- **Records provided**:

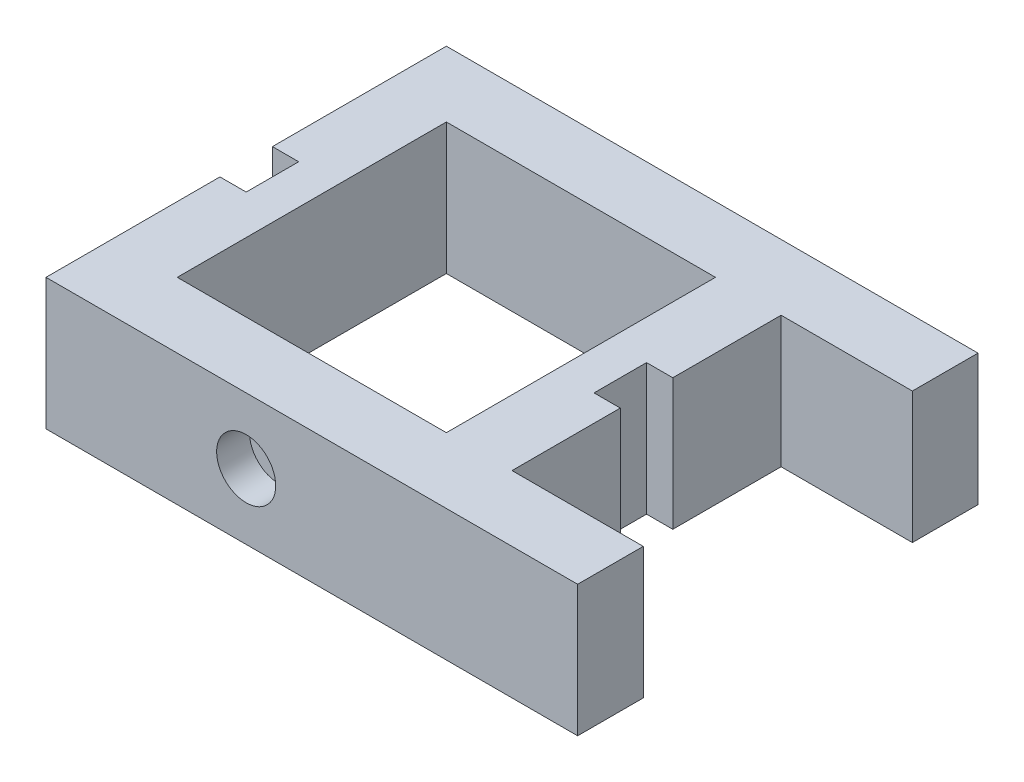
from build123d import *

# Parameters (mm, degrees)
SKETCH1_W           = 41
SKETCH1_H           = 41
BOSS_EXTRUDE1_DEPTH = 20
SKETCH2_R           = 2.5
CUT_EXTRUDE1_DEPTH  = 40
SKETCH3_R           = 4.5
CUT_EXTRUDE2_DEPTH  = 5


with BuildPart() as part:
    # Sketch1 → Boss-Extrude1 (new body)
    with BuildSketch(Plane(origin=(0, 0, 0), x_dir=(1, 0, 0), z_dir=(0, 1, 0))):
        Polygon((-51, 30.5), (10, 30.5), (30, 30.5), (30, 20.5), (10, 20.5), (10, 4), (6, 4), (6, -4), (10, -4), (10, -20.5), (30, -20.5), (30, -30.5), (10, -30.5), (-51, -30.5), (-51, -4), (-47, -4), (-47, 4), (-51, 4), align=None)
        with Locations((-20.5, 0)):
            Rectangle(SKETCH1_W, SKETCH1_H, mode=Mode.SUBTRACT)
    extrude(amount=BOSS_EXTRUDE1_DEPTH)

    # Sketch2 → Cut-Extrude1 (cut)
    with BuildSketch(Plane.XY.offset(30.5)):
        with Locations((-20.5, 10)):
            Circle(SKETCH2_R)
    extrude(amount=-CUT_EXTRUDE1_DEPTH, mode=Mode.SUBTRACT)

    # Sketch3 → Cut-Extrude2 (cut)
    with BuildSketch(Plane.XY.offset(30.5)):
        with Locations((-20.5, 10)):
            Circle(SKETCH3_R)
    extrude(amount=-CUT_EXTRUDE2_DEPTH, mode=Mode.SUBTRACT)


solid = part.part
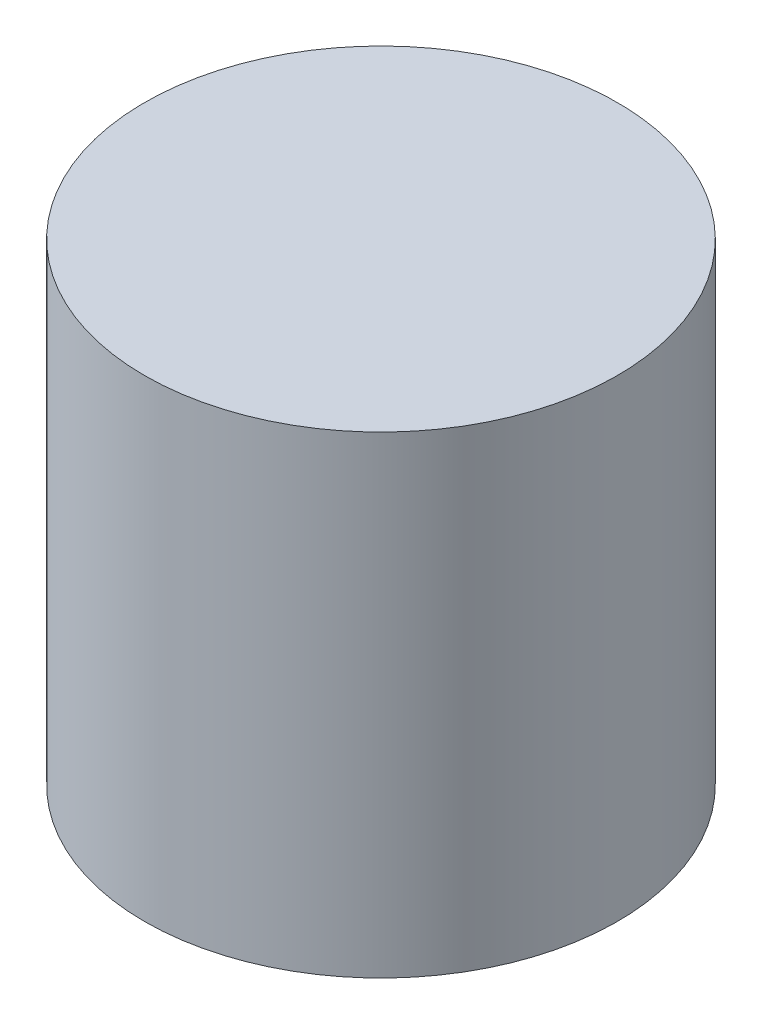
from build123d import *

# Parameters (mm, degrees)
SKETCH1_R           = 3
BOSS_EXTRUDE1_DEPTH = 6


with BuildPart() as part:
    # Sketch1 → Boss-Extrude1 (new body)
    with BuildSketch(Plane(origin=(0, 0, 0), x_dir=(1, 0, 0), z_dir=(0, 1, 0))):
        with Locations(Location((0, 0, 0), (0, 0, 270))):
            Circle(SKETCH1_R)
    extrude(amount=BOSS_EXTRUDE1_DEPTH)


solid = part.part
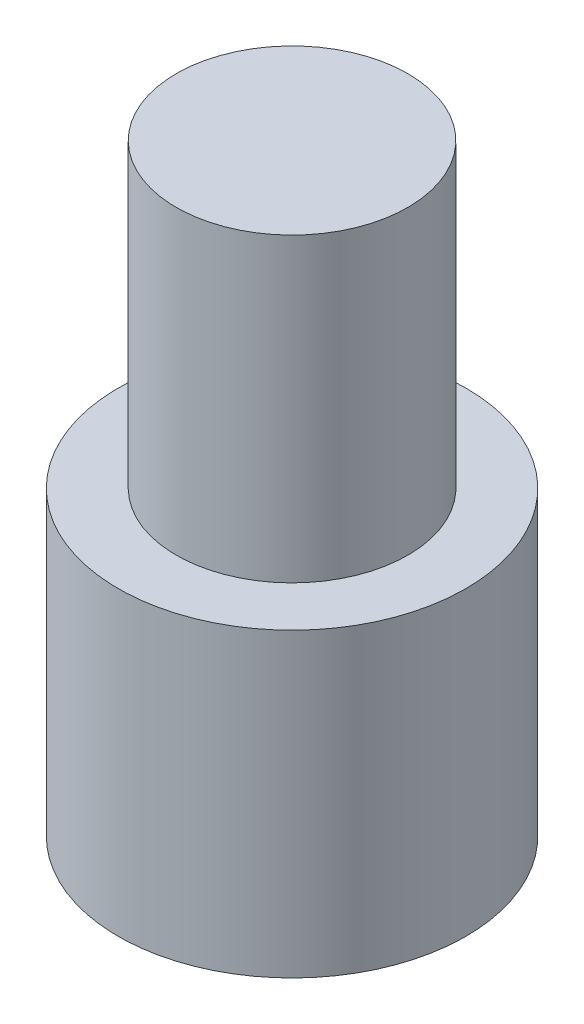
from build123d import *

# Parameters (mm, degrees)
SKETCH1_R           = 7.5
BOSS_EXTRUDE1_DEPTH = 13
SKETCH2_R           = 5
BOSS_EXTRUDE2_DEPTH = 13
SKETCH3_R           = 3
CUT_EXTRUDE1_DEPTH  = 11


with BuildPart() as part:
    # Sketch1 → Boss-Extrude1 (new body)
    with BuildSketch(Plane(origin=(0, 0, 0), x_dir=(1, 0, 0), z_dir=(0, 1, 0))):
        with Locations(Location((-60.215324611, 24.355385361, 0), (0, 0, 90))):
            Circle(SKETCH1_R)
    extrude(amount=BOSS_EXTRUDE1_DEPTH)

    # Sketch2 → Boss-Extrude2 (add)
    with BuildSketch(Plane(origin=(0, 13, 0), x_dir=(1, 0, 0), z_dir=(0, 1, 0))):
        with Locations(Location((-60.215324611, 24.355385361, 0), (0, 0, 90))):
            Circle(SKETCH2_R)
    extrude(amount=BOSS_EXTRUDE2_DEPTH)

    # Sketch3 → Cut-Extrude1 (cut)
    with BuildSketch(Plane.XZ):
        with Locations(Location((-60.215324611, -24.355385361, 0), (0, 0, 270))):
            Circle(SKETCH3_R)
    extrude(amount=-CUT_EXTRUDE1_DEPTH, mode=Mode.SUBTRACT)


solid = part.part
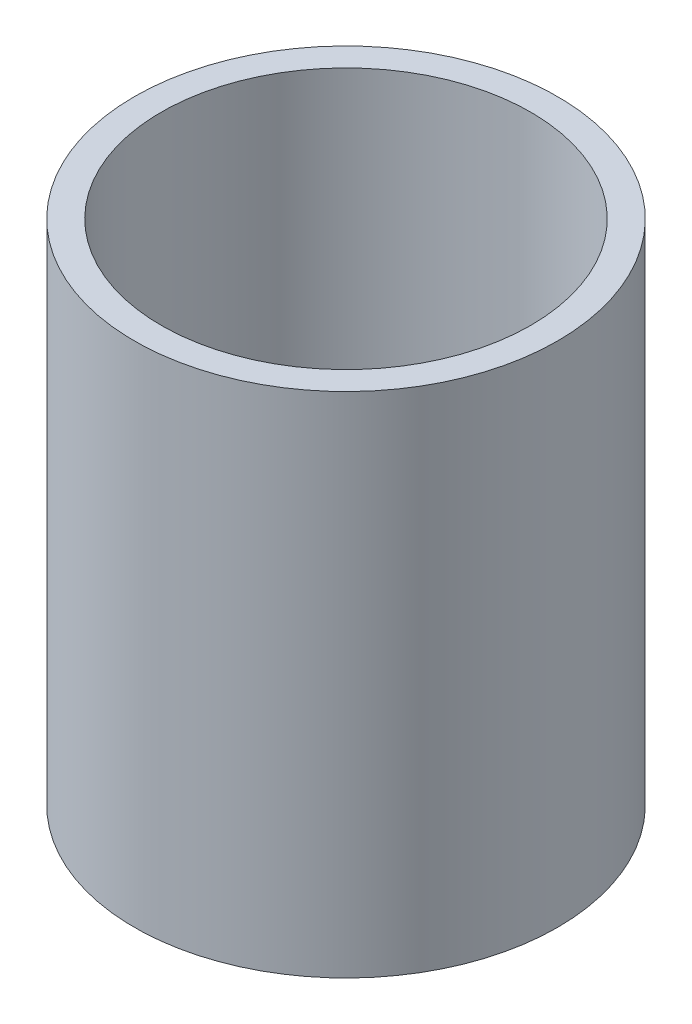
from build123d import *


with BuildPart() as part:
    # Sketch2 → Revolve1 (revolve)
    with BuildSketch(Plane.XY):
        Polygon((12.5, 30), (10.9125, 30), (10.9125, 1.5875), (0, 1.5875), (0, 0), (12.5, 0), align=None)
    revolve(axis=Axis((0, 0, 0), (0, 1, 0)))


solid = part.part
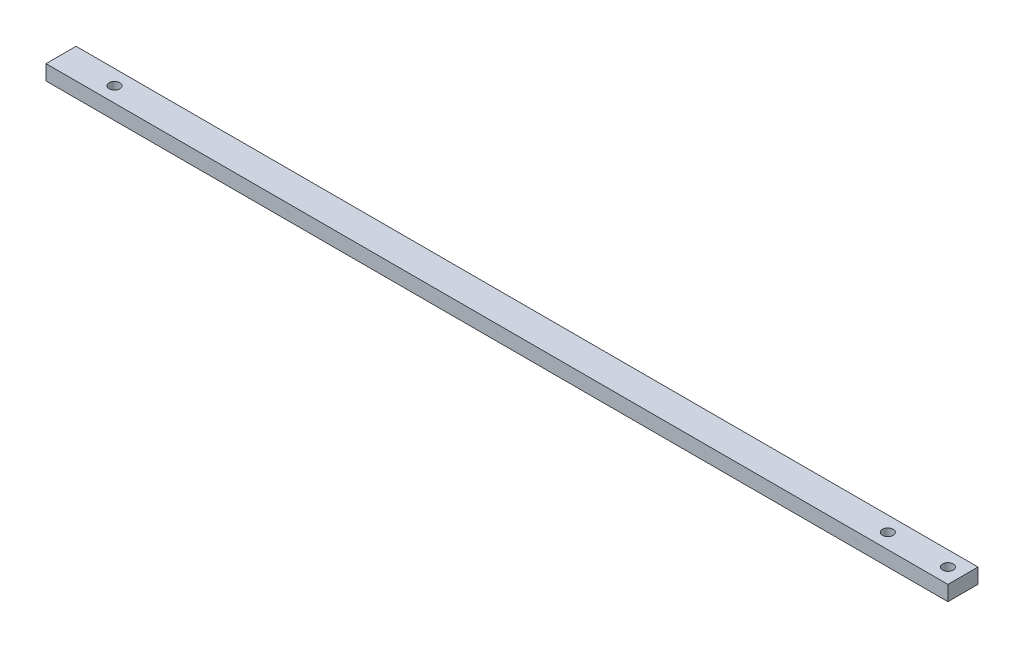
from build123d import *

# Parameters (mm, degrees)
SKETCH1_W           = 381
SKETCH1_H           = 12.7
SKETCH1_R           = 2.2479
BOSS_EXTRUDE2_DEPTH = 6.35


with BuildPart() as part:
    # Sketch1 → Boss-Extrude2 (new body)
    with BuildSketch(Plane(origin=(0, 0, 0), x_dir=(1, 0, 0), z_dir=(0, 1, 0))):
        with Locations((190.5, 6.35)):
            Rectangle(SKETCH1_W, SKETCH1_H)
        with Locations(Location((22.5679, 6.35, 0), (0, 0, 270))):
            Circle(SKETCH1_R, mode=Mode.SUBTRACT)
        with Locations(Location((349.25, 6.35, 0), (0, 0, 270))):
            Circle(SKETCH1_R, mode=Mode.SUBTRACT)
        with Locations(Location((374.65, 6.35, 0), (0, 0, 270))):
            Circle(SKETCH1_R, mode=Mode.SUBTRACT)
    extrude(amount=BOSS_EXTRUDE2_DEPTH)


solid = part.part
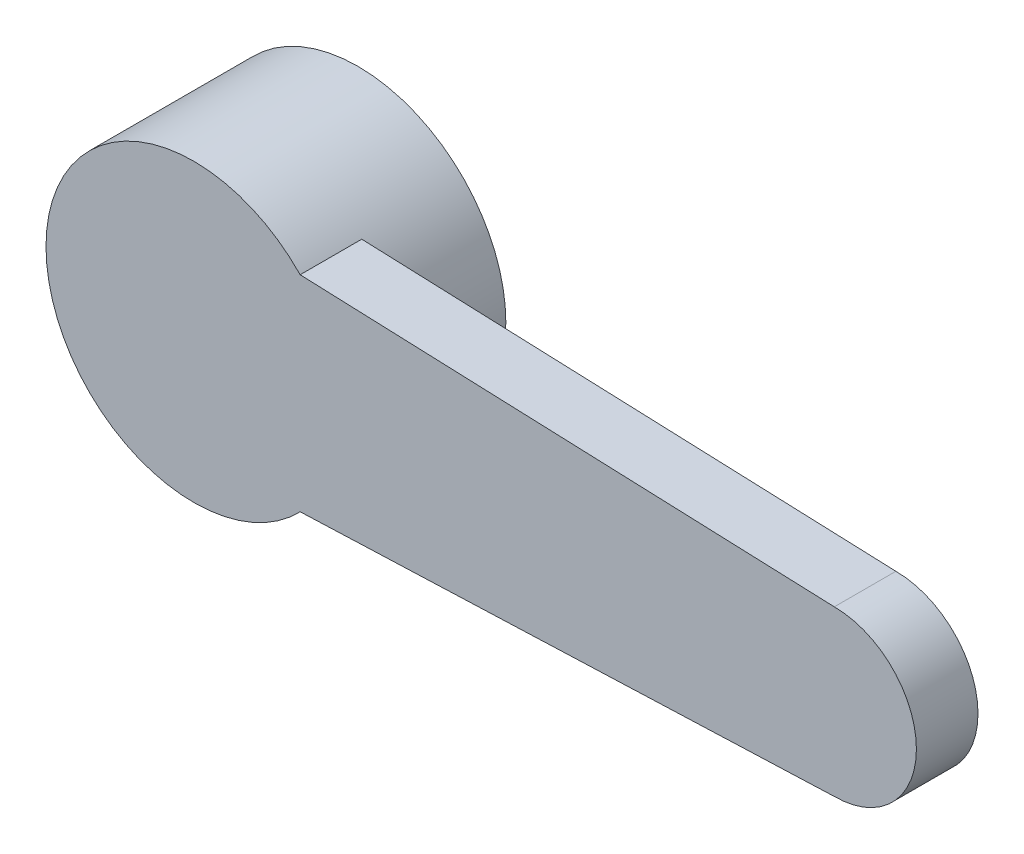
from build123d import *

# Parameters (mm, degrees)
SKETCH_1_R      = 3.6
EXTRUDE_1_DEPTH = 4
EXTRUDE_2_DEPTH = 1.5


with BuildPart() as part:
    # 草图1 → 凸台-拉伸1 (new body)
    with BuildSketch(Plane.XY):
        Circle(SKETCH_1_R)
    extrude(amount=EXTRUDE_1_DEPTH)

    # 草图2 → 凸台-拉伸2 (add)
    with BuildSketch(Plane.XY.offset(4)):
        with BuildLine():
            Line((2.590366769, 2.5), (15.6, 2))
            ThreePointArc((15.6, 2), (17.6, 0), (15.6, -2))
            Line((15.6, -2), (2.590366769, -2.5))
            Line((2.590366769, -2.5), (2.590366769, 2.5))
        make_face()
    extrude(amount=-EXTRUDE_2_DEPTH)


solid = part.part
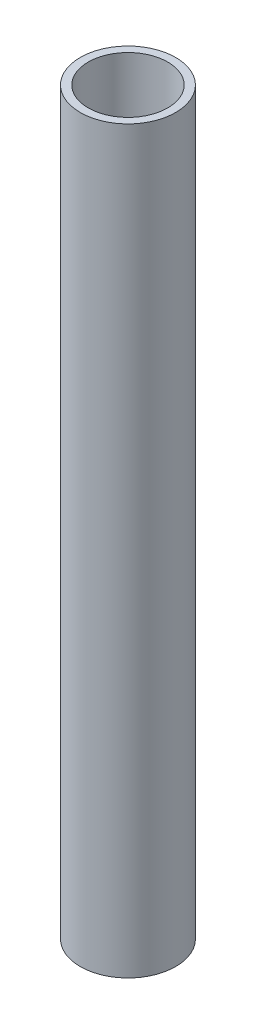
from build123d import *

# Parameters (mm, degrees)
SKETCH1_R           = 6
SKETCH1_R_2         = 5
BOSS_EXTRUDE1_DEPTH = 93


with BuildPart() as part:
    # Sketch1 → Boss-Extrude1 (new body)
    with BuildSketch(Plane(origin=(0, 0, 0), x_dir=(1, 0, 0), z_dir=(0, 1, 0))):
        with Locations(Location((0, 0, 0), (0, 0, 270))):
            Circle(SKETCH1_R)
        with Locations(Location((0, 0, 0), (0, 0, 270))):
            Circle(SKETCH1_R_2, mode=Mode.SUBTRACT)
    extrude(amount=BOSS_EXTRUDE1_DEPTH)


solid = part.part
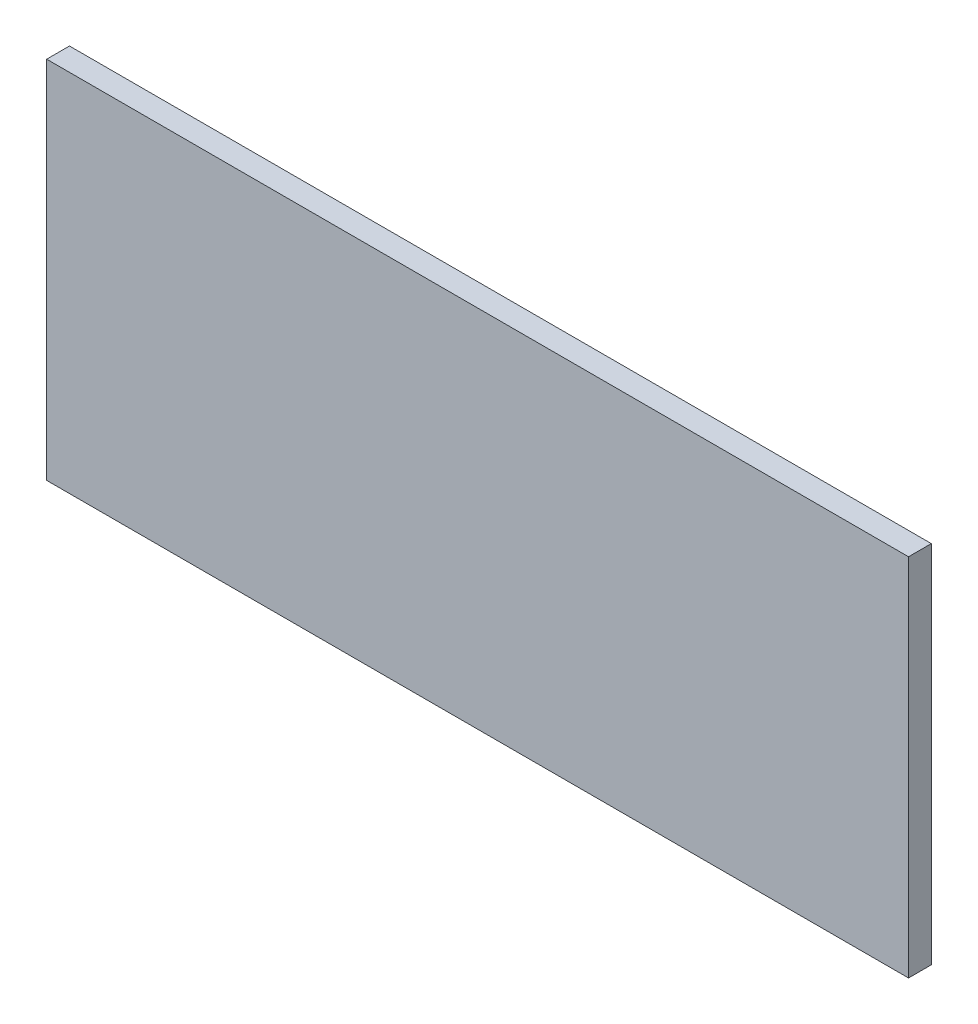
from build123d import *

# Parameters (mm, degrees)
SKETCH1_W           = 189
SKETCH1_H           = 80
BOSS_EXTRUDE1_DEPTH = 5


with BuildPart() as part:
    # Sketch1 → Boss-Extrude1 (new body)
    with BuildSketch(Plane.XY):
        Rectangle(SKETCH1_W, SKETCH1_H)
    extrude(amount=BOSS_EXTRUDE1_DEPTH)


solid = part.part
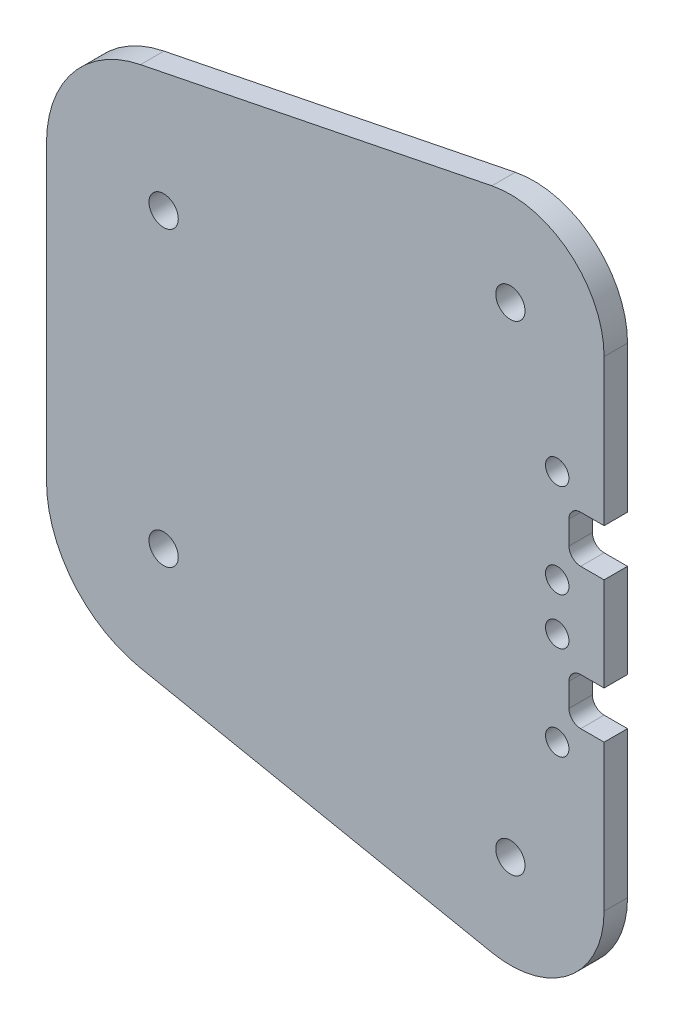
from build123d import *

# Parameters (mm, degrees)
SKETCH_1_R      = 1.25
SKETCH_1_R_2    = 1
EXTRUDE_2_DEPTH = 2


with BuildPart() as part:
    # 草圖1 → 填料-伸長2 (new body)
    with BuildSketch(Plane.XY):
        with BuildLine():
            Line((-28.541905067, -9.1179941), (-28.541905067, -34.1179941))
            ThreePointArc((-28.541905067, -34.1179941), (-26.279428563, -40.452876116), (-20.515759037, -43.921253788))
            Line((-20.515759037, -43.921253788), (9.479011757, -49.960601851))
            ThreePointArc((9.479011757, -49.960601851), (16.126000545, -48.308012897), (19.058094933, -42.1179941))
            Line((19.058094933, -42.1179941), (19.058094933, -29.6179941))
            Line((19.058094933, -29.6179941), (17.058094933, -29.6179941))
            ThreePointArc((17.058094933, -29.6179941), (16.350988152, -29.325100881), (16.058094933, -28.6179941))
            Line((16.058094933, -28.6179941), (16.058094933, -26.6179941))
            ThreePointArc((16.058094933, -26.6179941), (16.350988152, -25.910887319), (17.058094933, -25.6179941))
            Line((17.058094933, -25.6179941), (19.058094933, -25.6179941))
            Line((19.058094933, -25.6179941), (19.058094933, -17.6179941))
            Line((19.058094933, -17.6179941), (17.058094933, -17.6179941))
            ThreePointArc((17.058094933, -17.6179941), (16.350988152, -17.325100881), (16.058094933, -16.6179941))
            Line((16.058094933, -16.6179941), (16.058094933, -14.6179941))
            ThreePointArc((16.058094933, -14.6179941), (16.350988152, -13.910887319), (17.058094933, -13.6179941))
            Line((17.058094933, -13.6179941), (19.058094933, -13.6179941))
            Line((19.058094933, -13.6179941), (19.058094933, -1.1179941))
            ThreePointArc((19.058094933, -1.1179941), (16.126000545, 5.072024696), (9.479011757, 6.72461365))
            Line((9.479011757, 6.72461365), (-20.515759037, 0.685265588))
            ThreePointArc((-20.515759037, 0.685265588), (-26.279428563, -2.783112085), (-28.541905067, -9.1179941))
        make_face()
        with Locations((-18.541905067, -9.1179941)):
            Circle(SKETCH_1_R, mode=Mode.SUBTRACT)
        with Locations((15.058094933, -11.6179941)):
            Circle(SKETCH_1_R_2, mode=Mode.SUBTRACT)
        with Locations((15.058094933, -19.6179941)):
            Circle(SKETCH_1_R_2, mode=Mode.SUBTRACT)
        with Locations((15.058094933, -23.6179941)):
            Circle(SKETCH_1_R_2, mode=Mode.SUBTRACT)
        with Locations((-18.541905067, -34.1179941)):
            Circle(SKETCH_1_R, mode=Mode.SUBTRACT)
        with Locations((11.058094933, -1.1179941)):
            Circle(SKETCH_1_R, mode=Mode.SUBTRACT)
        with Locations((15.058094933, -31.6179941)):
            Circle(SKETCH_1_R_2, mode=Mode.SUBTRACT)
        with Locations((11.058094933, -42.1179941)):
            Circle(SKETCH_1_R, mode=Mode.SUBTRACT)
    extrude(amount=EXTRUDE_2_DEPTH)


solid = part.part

- **Brief**:
Search the entries above for lines containing the word "Rectangle", and copy each one.

- **Solution to this exercise**:
            Rectangle(SKETCH1_W, SKETCH1_H, mode=Mode.SUBTRACT)
            Rectangle(SKETCH1_W, SKETCH1_H)
        Rectangle(SKETCH1_W, SKETCH1_H)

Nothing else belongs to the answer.